* _TASK MATERIAL_
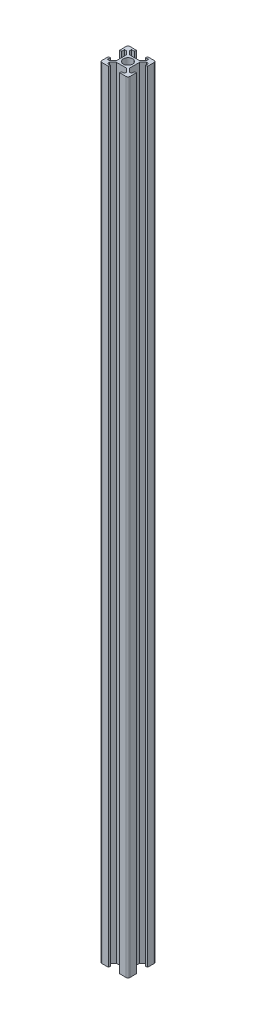
from build123d import *

# Parameters (mm, degrees)
BOSS_EXTRUDE1_DEPTH = 420


with BuildPart() as part:
    # Sketch1 → Boss-Extrude1 (new body)
    with BuildSketch(Plane(origin=(0, 0, 0), x_dir=(1, 0, 0), z_dir=(0, 1, 0))):
        with BuildLine():
            Line((-7.5, -3), (-7.5, -6.5))
            ThreePointArc((-7.5, -6.5), (-7.207106781, -7.207106781), (-6.5, -7.5))
            Line((-6.5, -7.5), (-3, -7.5))
            Line((-3, -7.5), (-3, -6.5))
            Line((-3, -6.5), (-4.6, -6.5))
            Line((-4.6, -6.5), (-4.6, -5.307106781))
            Line((-4.6, -5.307106781), (-2.8, -3.507106781))
            Line((-2.8, -3.507106781), (0, -3.507106781))
            Line((0, -3.507106781), (2.8, -3.507106781))
            Line((2.8, -3.507106781), (4.6, -5.307106781))
            Line((4.6, -5.307106781), (4.6, -6.5))
            Line((4.6, -6.5), (3, -6.5))
            Line((3, -6.5), (3, -7.5))
            Line((3, -7.5), (6.5, -7.5))
            ThreePointArc((6.5, -7.5), (7.207106781, -7.207106781), (7.5, -6.5))
            Line((7.5, -6.5), (7.5, -3))
            Line((7.5, -3), (6.5, -3))
            Line((6.5, -3), (6.5, -4.6))
            Line((6.5, -4.6), (5.307106781, -4.6))
            Line((5.307106781, -4.6), (3.507106781, -2.8))
            Line((3.507106781, -2.8), (3.507106781, 0))
            Line((3.507106781, 0), (3.507106781, 2.8))
            Line((3.507106781, 2.8), (5.307106781, 4.6))
            Line((5.307106781, 4.6), (6.5, 4.6))
            Line((6.5, 4.6), (6.5, 3))
            Line((6.5, 3), (7.5, 3))
            Line((7.5, 3), (7.5, 6.5))
            ThreePointArc((7.5, 6.5), (7.207106781, 7.207106781), (6.5, 7.5))
            Line((6.5, 7.5), (3, 7.5))
            Line((3, 7.5), (3, 6.5))
            Line((3, 6.5), (4.6, 6.5))
            Line((4.6, 6.5), (4.6, 5.307106781))
            Line((4.6, 5.307106781), (2.8, 3.507106781))
            Line((2.8, 3.507106781), (0, 3.507106781))
            Line((0, 3.507106781), (-2.8, 3.507106781))
            Line((-2.8, 3.507106781), (-4.6, 5.307106781))
            Line((-4.6, 5.307106781), (-4.6, 6.5))
            Line((-4.6, 6.5), (-3, 6.5))
            Line((-3, 6.5), (-3, 7.5))
            Line((-3, 7.5), (-6.5, 7.5))
            ThreePointArc((-6.5, 7.5), (-7.207106781, 7.207106781), (-7.5, 6.5))
            Line((-7.5, 6.5), (-7.5, 3))
            Line((-7.5, 3), (-6.5, 3))
            Line((-6.5, 3), (-6.5, 4.6))
            Line((-6.5, 4.6), (-5.307106781, 4.6))
            Line((-5.307106781, 4.6), (-3.507106781, 2.8))
            Line((-3.507106781, 2.8), (-3.507106781, 0))
            Line((-3.507106781, 0), (-3.507106781, -2.8))
            Line((-3.507106781, -2.8), (-5.307106781, -4.6))
            Line((-5.307106781, -4.6), (-6.5, -4.6))
            Line((-6.5, -4.6), (-6.5, -3))
            Line((-6.5, -3), (-7.5, -3))
        make_face()
        with BuildLine():
            ThreePointArc((-2.5, 0), (-1.767766953, -1.767766953), (0, -2.5))
            ThreePointArc((0, -2.5), (1.767766953, -1.767766953), (2.5, 0))
            ThreePointArc((2.5, 0), (1.767766953, 1.767766953), (0, 2.5))
            ThreePointArc((0, 2.5), (-1.767766953, 1.767766953), (-2.5, 0))
        make_face(mode=Mode.SUBTRACT)
    extrude(amount=BOSS_EXTRUDE1_DEPTH)


solid = part.part

* _WORK INSTRUCTIONS_
Search the listing above for the word "part", and copy every line that has it.

* _OUTPUT OF THE TASK_
with BuildPart() as part:
solid = part.part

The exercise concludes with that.